Scottish physiologist

John Gray McKendrick (12 August 1841 – 2 January 1926) was a Scottish physiologist. He served as Regius Professor of Physiology at the University of Glasgow from 1876 to 1906, and was co-founder of the Physiological Society.

==Early life==
McKendrick was born on 12 August 1841, in Aberdeen, to merchant James McKendrick.

He was initially apprenticed as a lawyer (1855–1861) but left law to study medicine at the University of Aberdeen and the University of Edinburgh before graduating in 1864 as an MB ChB. He worked in Chester General Infirmary, Eastern Dispensary at Whitechapel then the Belford Hospital in Fort William.

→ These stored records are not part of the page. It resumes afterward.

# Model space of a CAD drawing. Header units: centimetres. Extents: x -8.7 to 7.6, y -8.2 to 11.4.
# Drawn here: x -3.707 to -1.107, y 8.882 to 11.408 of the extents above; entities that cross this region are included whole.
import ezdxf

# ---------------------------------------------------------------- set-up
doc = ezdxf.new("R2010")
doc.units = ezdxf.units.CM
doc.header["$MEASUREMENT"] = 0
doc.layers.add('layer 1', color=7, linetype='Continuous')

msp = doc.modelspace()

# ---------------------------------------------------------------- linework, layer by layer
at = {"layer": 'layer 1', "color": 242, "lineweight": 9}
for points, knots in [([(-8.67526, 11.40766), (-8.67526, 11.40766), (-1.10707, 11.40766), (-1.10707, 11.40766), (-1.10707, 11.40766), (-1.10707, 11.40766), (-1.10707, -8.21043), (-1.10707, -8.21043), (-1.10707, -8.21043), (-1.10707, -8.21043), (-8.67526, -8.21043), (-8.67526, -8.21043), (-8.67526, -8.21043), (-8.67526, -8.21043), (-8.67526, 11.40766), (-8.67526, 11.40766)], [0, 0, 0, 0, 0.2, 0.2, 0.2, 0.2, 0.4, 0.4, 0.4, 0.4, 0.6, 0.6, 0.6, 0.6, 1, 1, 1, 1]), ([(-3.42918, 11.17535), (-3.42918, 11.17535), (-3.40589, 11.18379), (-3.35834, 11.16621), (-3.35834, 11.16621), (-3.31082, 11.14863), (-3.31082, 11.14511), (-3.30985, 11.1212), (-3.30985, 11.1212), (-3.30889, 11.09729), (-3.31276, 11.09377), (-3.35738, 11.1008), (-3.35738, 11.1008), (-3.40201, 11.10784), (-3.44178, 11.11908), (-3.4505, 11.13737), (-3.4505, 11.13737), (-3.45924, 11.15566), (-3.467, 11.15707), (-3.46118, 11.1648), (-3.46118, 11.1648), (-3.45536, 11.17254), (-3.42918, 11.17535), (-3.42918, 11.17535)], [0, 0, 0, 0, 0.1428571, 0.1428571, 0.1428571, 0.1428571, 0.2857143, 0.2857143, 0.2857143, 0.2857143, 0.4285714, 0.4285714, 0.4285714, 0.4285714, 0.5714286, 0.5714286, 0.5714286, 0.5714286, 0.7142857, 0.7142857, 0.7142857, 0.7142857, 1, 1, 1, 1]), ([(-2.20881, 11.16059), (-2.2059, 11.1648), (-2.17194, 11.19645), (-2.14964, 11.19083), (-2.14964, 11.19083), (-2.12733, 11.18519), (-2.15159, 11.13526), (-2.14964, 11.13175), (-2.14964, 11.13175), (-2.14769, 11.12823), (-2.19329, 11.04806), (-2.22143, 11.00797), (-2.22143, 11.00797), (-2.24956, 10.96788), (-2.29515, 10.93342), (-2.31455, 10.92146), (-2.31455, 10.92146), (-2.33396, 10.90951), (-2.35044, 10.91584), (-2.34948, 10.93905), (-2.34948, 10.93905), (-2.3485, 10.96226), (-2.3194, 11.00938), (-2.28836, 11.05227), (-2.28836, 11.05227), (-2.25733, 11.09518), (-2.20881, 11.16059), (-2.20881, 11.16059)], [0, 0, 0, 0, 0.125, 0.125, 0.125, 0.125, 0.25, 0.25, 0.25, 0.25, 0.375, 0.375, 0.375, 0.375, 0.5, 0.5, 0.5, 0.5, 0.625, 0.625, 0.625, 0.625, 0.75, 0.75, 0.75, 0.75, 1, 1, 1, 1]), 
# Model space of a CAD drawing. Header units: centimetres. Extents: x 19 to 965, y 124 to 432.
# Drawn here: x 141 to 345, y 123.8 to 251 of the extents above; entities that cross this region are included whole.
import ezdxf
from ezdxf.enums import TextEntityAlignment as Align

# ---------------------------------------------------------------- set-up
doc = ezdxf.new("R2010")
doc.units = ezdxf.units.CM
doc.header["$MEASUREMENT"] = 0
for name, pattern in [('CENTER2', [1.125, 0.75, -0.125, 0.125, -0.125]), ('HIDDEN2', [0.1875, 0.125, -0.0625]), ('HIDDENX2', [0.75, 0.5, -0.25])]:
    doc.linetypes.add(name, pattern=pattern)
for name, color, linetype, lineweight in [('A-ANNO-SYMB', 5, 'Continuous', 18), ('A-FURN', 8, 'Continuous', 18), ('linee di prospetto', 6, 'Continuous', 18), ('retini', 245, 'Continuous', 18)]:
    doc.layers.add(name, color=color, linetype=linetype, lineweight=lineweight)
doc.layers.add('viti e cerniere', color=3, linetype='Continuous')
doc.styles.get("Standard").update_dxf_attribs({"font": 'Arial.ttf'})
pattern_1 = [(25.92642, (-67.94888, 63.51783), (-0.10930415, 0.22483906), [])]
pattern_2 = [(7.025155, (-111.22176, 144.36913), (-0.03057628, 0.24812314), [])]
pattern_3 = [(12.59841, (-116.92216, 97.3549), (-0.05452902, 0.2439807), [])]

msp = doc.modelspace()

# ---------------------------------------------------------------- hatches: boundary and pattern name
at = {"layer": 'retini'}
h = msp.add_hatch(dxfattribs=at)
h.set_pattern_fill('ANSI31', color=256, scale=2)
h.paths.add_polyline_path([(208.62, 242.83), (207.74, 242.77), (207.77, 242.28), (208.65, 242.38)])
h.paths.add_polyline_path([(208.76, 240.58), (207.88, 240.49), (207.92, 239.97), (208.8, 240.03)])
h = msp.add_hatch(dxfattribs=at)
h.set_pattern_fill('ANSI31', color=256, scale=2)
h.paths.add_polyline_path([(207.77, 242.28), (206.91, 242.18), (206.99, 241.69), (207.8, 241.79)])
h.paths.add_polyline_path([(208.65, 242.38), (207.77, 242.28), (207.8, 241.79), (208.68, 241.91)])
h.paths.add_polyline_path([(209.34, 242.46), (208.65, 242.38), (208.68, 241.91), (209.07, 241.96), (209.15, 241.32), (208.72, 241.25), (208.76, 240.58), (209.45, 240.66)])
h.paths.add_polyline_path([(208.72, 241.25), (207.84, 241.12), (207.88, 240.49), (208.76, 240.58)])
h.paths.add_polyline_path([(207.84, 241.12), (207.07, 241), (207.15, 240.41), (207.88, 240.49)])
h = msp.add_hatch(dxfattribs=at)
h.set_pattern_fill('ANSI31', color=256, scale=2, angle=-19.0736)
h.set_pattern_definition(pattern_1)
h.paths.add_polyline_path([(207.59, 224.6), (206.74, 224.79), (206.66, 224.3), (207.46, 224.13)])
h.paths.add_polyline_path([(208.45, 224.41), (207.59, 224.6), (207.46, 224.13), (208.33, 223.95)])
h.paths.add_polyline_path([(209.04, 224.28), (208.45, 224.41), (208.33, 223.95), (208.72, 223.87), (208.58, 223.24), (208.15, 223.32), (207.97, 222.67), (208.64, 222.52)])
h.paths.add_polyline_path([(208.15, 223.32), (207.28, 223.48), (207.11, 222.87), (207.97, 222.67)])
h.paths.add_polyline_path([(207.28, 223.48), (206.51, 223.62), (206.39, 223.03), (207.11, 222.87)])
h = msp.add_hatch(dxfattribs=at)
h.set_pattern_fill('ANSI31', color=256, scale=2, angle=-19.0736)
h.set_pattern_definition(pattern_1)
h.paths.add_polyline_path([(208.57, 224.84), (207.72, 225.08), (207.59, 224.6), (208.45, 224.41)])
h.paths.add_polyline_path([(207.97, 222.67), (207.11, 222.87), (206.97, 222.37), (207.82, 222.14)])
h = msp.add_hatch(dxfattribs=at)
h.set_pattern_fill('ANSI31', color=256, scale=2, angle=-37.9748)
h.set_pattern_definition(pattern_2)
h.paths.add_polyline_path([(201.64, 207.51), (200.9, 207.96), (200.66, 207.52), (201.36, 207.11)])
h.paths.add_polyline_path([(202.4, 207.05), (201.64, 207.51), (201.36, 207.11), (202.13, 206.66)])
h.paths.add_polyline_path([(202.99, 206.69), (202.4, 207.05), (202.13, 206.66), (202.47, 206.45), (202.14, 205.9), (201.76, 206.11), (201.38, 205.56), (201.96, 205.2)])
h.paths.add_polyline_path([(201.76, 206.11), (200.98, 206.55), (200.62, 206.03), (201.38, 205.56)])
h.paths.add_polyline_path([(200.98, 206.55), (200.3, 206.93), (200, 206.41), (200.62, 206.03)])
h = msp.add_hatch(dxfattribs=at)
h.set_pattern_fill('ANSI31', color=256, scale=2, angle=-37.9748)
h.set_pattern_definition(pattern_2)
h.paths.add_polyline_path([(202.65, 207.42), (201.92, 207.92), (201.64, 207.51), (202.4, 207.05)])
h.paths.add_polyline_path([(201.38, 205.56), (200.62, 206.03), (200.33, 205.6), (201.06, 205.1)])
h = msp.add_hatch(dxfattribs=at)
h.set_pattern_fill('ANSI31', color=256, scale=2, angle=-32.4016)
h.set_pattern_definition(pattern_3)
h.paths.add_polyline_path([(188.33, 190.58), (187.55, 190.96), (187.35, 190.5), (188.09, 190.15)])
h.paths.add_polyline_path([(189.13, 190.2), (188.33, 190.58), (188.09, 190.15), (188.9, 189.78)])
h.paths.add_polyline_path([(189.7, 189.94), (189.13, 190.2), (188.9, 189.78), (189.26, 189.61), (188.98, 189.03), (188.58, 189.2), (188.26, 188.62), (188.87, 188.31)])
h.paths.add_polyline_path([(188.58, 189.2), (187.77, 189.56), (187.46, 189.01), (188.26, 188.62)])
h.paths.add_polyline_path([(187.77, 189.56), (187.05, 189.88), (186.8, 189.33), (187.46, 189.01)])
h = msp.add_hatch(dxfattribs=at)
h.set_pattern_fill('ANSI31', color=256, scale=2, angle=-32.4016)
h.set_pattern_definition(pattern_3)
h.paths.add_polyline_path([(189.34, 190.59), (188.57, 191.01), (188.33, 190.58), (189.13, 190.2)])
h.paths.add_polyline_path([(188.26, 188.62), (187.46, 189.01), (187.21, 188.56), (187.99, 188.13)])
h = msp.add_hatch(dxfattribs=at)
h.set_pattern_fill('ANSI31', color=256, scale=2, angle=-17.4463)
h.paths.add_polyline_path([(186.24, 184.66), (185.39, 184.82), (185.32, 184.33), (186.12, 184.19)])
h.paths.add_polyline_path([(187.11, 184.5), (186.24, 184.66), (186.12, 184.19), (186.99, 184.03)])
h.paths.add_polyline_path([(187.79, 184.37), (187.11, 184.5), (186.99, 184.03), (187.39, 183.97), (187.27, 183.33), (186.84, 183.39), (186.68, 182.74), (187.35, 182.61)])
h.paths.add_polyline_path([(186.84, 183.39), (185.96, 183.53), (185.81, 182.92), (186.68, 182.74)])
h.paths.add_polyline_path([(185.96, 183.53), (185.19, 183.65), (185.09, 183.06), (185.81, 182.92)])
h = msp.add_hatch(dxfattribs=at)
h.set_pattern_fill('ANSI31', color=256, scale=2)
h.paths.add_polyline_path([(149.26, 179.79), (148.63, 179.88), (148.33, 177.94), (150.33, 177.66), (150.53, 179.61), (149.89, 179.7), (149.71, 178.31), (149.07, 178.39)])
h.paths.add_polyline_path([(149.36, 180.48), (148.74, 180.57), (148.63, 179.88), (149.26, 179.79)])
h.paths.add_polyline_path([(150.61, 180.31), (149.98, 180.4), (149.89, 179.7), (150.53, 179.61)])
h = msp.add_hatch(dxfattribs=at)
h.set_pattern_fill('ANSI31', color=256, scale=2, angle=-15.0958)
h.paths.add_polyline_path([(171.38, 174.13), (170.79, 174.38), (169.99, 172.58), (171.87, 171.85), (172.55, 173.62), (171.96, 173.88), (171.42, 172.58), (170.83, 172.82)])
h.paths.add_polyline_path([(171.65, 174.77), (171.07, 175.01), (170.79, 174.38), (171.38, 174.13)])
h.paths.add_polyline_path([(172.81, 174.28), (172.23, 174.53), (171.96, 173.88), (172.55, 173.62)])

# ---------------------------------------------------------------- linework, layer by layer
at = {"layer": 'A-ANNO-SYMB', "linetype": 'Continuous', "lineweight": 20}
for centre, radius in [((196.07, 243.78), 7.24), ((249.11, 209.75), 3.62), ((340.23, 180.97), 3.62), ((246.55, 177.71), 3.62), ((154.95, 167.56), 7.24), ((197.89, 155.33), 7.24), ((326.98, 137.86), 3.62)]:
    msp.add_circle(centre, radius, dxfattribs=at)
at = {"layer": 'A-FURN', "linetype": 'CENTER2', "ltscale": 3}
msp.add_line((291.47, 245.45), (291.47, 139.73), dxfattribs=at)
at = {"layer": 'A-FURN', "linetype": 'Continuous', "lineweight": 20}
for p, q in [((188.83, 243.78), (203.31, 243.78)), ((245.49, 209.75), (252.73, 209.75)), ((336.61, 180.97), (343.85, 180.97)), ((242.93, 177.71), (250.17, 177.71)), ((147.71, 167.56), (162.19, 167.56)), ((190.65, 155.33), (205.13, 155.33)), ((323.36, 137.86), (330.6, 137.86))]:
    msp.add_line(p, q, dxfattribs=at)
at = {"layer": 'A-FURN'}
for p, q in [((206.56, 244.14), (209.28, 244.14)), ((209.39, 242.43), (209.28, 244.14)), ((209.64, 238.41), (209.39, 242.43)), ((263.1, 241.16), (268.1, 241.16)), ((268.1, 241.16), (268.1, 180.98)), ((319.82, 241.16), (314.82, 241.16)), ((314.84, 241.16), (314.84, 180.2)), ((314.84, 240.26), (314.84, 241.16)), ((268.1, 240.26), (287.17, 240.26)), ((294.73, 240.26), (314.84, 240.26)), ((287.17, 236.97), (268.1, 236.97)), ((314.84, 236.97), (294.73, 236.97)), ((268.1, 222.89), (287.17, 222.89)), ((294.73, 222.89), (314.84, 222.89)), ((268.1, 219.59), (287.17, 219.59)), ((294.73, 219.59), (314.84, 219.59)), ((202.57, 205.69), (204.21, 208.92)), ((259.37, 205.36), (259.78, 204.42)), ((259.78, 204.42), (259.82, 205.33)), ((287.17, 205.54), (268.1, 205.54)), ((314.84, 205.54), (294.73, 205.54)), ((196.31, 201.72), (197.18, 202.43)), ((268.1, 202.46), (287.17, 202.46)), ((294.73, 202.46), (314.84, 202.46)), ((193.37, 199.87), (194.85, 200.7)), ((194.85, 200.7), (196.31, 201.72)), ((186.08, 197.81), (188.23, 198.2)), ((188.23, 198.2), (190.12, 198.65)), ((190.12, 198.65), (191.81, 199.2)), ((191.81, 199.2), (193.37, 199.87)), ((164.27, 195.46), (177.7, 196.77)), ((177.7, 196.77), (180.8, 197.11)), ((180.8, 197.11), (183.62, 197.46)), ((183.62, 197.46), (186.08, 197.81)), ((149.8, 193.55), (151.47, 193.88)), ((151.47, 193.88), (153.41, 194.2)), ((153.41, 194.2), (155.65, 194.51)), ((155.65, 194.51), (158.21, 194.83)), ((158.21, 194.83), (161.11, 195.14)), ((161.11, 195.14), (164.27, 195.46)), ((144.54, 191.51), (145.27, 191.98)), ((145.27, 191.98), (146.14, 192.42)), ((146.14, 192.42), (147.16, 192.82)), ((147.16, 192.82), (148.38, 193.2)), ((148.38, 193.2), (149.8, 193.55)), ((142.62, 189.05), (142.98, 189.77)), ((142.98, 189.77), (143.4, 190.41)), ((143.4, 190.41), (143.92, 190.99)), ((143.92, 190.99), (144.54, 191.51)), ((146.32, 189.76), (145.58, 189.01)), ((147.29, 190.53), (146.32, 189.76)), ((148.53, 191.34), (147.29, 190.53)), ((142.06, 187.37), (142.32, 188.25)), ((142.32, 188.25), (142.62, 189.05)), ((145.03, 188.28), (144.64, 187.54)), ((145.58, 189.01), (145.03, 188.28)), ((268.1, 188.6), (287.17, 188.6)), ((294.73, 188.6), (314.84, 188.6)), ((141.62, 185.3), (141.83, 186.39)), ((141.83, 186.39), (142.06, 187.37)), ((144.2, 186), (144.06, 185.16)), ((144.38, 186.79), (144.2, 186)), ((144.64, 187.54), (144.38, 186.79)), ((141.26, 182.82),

In 1869, he became the assistant to the Professor of Physiology at the University of Edinburgh, John Hughes Bennett, pursuing his own research into the nervous system and special senses. McKendrick went on to be elected as a Fellow of the Royal Society of Edinburgh in 1873, having been proposed by William Turner, serving as a councillor and eventually the Vice-President from 1894 until 1900. He won the Society's Makdougall-Brisbane Prize for the period 1894–96.

==Glasgow==
He took up a post at the University of Glasgow in 1873, first as an extramural lecturer (one of his students was the physician Sophia Jex-Blake) and then as Regius Professor of Physiology in 1876. John McKenrick was a popular lecturer, raising significant funds for modernising his department and leading it into concentrating on the study and teaching of physiology. McKendrik sought to reflect his modernising efforts in the renaming his position, from Chair of "Theory of Physic or Institutes of Medicine" to Chair of Physiology in 1893.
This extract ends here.